Projected Monthly Earnings
The last adjustment to our dashboard was adding a projected monthly earnings. In our MVP dashboard, we were going for an idea of yesterday. Our numbers were off just enough that over the course of a month, the compounded variance made the projection unreliable. Now, we have a model that we actually use to do most of our invoicing, so we have a great basis for the completed days of the month. We just need to come up with a mechanism to project the remaining days for the month.
Coincidently, we are already using a generic calculation in our monthly forecasts that we could apply at the daily level. We simply add the Realized Earnings and use the Remaining business days instead of total business days.
Monthly Projection = Realized Earnings for the Month + (Estimated Daily Rate * Remaining Business Days of Month)
Obviously, we are hiding most of the magic is in the Estimated Daily Rate. After we submit our financial projection to the president for the month, we save some key numbers that derive the projection in a spreadsheet on OneDrive. Power BI can then pick those up and combine them with the data in our Azure SQL Database to give us our projection.
Estimated Daily Rate = Average Driver Bill Rate * (1 – PTO % – Unutilized Time %) * # of Drivers + Estimated Non-Driver Contributions + Estimated Contractor Earnings
Since we are using the exact same formula as our financial projections, we know every day how we compare. Could we be more accurate with our Estimated Daily Rate? Absolutely, and we will once we have a more detailed projection backlog.

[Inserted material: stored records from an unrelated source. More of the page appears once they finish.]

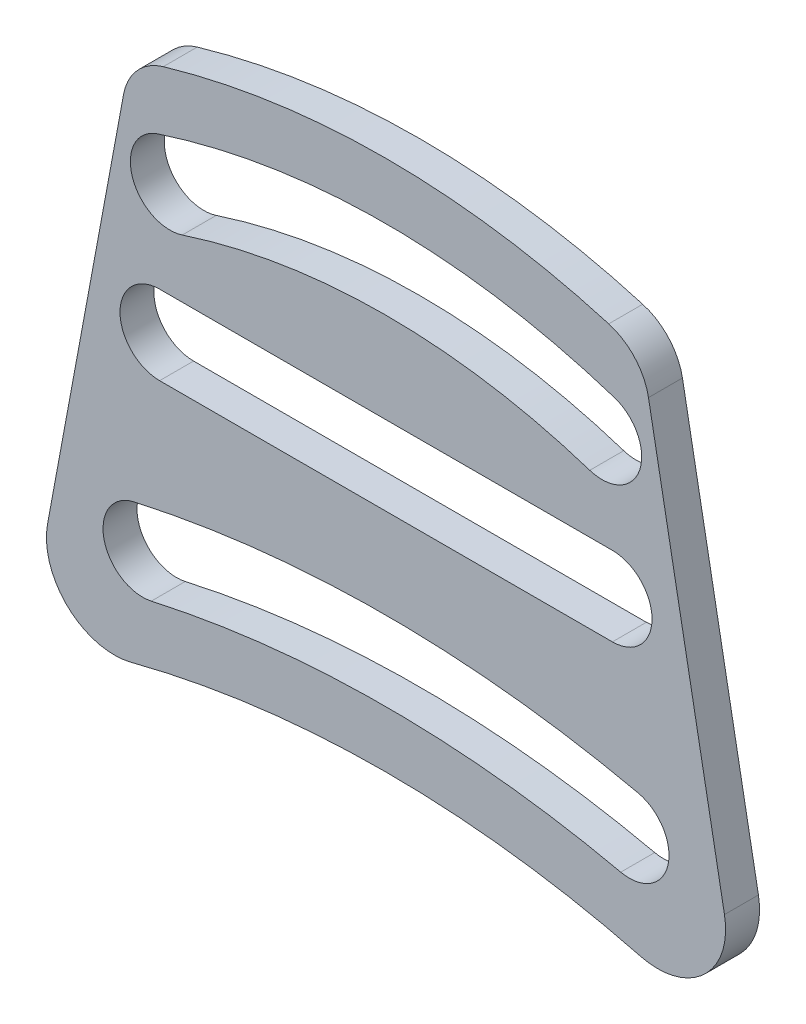
ISO-10303-21;
HEADER;
FILE_DESCRIPTION(('STEP AP214'),'2;1');
FILE_NAME('part.step','',(''),(''),'','','');
FILE_SCHEMA(('AUTOMOTIVE_DESIGN { 1 0 10303 214 1 1 1 1 }'));
ENDSEC;
DATA;
#1=APPLICATION_CONTEXT('core data for automotive mechanical design processes');
#2=APPLICATION_PROTOCOL_DEFINITION('international standard','automotive_design',2000,#1);
#3=PRODUCT_CONTEXT('',#1,'mechanical');
#4=PRODUCT('Part','Part','',(#3));
#5=PRODUCT_RELATED_PRODUCT_CATEGORY('part','',(#4));
#6=PRODUCT_DEFINITION_FORMATION('','',#4);
#7=PRODUCT_DEFINITION_CONTEXT('part definition',#1,'design');
#8=PRODUCT_DEFINITION('design','',#6,#7);
#9=PRODUCT_DEFINITION_SHAPE('','',#8);
#10=(LENGTH_UNIT() NAMED_UNIT(*) SI_UNIT(.MILLI.,.METRE.));
#11=(NAMED_UNIT(*) PLANE_ANGLE_UNIT() SI_UNIT($,.RADIAN.));
#12=(NAMED_UNIT(*) SI_UNIT($,.STERADIAN.) SOLID_ANGLE_UNIT());
#13=UNCERTAINTY_MEASURE_WITH_UNIT(LENGTH_MEASURE(1.E-05),#10,'distance_accuracy_value','');
#14=(GEOMETRIC_REPRESENTATION_CONTEXT(3) GLOBAL_UNCERTAINTY_ASSIGNED_CONTEXT((#13)) GLOBAL_UNIT_ASSIGNED_CONTEXT((#10,
#11,#12)) REPRESENTATION_CONTEXT('',''));
#15=CARTESIAN_POINT('',(0.,0.,0.));
#16=DIRECTION('',(0.,0.,1.));
#17=DIRECTION('',(1.,0.,0.));
#18=AXIS2_PLACEMENT_3D('',#15,#16,#17);
#19=CARTESIAN_POINT('',(0.,0.,3.));
#20=DIRECTION('',(0.,0.,1.));
#21=DIRECTION('',(1.,0.,0.));
#22=AXIS2_PLACEMENT_3D('',#19,#20,#21);
#23=PLANE('',#22);
#24=CARTESIAN_POINT('',(-24.,-38.028860434751,3.));
#25=DIRECTION('',(0.,0.,1.));
#26=DIRECTION('',(1.,0.,0.));
#27=AXIS2_PLACEMENT_3D('',#24,#25,#26);
#28=CIRCLE('',#27,6.);
#29=CARTESIAN_POINT('',(-22.5,-43.8383354540621,3.));
#30=VERTEX_POINT('',#29);
#31=CARTESIAN_POINT('',(-29.8994233722071,-36.9348751169989,3.));
#32=VERTEX_POINT('',#31);
#33=EDGE_CURVE('E263',#30,#32,#28,.F.);
#34=ORIENTED_EDGE('',*,*,#33,.F.);
#35=CARTESIAN_POINT('',(0.,-130.980460743729,3.));
#36=DIRECTION('',(0.,0.,1.));
#37=DIRECTION('',(1.,0.,0.));
#38=AXIS2_PLACEMENT_3D('',#35,#36,#37);
#39=CIRCLE('',#38,90.);
#40=CARTESIAN_POINT('',(22.5,-43.8383354540621,3.));
#41=VERTEX_POINT('',#40);
#42=EDGE_CURVE('E267',#30,#41,#39,.F.);
#43=ORIENTED_EDGE('',*,*,#42,.T.);
#44=CARTESIAN_POINT('',(24.,-38.028860434751,3.));
#45=DIRECTION('',(0.,0.,1.));
#46=DIRECTION('',(1.,0.,0.));
#47=AXIS2_PLACEMENT_3D('',#44,#45,#46);
#48=CIRCLE('',#47,6.);
#49=CARTESIAN_POINT('',(29.8994233722071,-36.9348751169989,3.));
#50=VERTEX_POINT('',#49);
#51=EDGE_CURVE('E271',#41,#50,#48,.T.);
#52=ORIENTED_EDGE('',*,*,#51,.T.);
#53=DIRECTION('',(-0.18233088629201,0.983237228701177,0.));
#54=VECTOR('',#53,1.);
#55=CARTESIAN_POINT('',(22.2839485983631,4.13232125414158,3.));
#56=LINE('',#55,#54);
#57=CARTESIAN_POINT('',(23.1870846036624,-0.737928438873364,3.));
#58=VERTEX_POINT('',#57);
#59=EDGE_CURVE('E274',#50,#58,#56,.T.);
#60=ORIENTED_EDGE('',*,*,#59,.T.);
#61=CARTESIAN_POINT('',(18.2708984601565,-1.64958287033342,3.));
#62=DIRECTION('',(0.,0.,1.));
#63=DIRECTION('',(1.,0.,0.));
#64=AXIS2_PLACEMENT_3D('',#61,#62,#63);
#65=CIRCLE('',#64,5.);
#66=CARTESIAN_POINT('',(19.6763521878609,3.14882309616023,3.));
#67=VERTEX_POINT('',#66);
#68=EDGE_CURVE('E277',#67,#58,#65,.F.);
#69=ORIENTED_EDGE('',*,*,#68,.F.);
#70=CARTESIAN_POINT('',(0.,-64.028860434751,3.));
#71=DIRECTION('',(0.,0.,1.));
#72=DIRECTION('',(1.,0.,0.));
#73=AXIS2_PLACEMENT_3D('',#70,#71,#72);
#74=CIRCLE('',#73,70.);
#75=CARTESIAN_POINT('',(-19.6763521878609,3.14882309616023,3.));
#76=VERTEX_POINT('',#75);
#77=EDGE_CURVE('E281',#76,#67,#74,.F.);
#78=ORIENTED_EDGE('',*,*,#77,.F.);
#79=CARTESIAN_POINT('',(-18.2708984601565,-1.64958287033342,3.));
#80=DIRECTION('',(0.,0.,1.));
#81=DIRECTION('',(1.,0.,0.));
#82=AXIS2_PLACEMENT_3D('',#79,#80,#81);
#83=CIRCLE('',#82,5.);
#84=CARTESIAN_POINT('',(-23.1870846036624,-0.737928438873364,3.));
#85=VERTEX_POINT('',#84);
#86=EDGE_CURVE('E285',#76,#85,#83,.T.);
#87=ORIENTED_EDGE('',*,*,#86,.T.);
#88=DIRECTION('',(0.18233088629201,0.983237228701177,0.));
#89=VECTOR('',#88,1.);
#90=CARTESIAN_POINT('',(-22.2839485983631,4.13232125414158,3.));
#91=LINE('',#90,#89);
#92=EDGE_CURVE('E288',#32,#85,#91,.T.);
#93=ORIENTED_EDGE('',*,*,#92,.F.);
#94=EDGE_LOOP('',(#34,#43,#52,#60,#69,#78,#87,#93));
#95=FACE_BOUND('',#94,.T.);
#96=CARTESIAN_POINT('',(-19.0864097940856,-5.56554748404458,3.));
#97=DIRECTION('',(0.,0.,1.));
#98=DIRECTION('',(1.,0.,0.));
#99=AXIS2_PLACEMENT_3D('',#96,#97,#98);
#100=CIRCLE('',#99,3.49999999999999);
#101=CARTESIAN_POINT('',(-20.1726282376514,-2.23836707221577,3.));
#102=VERTEX_POINT('',#101);
#103=CARTESIAN_POINT('',(-18.0001913505198,-8.89272789587339,3.));
#104=VERTEX_POINT('',#103);
#105=EDGE_CURVE('E292',#102,#104,#100,.T.);
#106=ORIENTED_EDGE('',*,*,#105,.F.);
#107=CARTESIAN_POINT('',(0.,-64.028860434751,3.));
#108=DIRECTION('',(0.,0.,1.));
#109=DIRECTION('',(1.,0.,0.));
#110=AXIS2_PLACEMENT_3D('',#107,#108,#109);
#111=CIRCLE('',#110,65.);
#112=CARTESIAN_POINT('',(20.1726282376514,-2.23836707221578,3.));
#113=VERTEX_POINT('',#112);
#114=EDGE_CURVE('E296',#113,#102,#111,.T.);
#115=ORIENTED_EDGE('',*,*,#114,.F.);
#116=CARTESIAN_POINT('',(19.0864097940856,-5.56554748404458,3.));
#117=DIRECTION('',(0.,0.,1.));
#118=DIRECTION('',(1.,0.,0.));
#119=AXIS2_PLACEMENT_3D('',#116,#117,#118);
#120=CIRCLE('',#119,3.49999999999999);
#121=CARTESIAN_POINT('',(18.0001913505197,-8.89272789587339,3.));
#122=VERTEX_POINT('',#121);
#123=EDGE_CURVE('E300',#122,#113,#120,.T.);
#124=ORIENTED_EDGE('',*,*,#123,.F.);
#125=CARTESIAN_POINT('',(0.,-64.028860434751,3.));
#126=DIRECTION('',(0.,0.,1.));
#127=DIRECTION('',(1.,0.,0.));
#128=AXIS2_PLACEMENT_3D('',#125,#126,#127);
#129=CIRCLE('',#128,58.);
#130=EDGE_CURVE('E304',#122,#104,#129,.T.);
#131=ORIENTED_EDGE('',*,*,#130,.T.);
#132=EDGE_LOOP('',(#106,#115,#124,#131));
#133=FACE_BOUND('',#132,.T.);
#134=CARTESIAN_POINT('',(20.0000034189716,-17.5208455907472,3.));
#135=DIRECTION('',(0.,0.,1.));
#136=DIRECTION('',(1.,0.,0.));
#137=AXIS2_PLACEMENT_3D('',#134,#135,#136);
#138=CIRCLE('',#137,3.5);
#139=CARTESIAN_POINT('',(20.0000034189716,-21.0208455907472,3.));
#140=VERTEX_POINT('',#139);
#141=CARTESIAN_POINT('',(20.0000034189716,-14.0208455907472,3.));
#142=VERTEX_POINT('',#141);
#143=EDGE_CURVE('E307',#140,#142,#138,.T.);
#144=ORIENTED_EDGE('',*,*,#143,.F.);
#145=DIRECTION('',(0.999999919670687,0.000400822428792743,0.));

What effects did this version have on our business? Well, we have a fairly accurate picture of revenue at any given time. In Lean terms, this has reduced our batch size, so we can make adjustments quicker and maximize the work our talented team does. We aren’t waiting until the end of the month to find out that there someone began spending unrealized time on a project. The new version also helped our CEO, Andrew Kurtz, more quickly understand what is going on within the business even if he isn’t involved in every project and get to the ‘Why’ questions faster. We can think strategically how to handle situations as a team rather than spending the time understanding what is happening.
With an accurate model in place for the daily dashboard, we are set to move on to additional analysis that completely aligns our business with our targets. What trends should we identify and correct? What ratios are important to keep? What leading indicators can we add?
We also need to spread information throughout the business, not just the team involved in the daily huddle. This will enable everyone to make positive adjustments by empowering them to make more decisions on their own.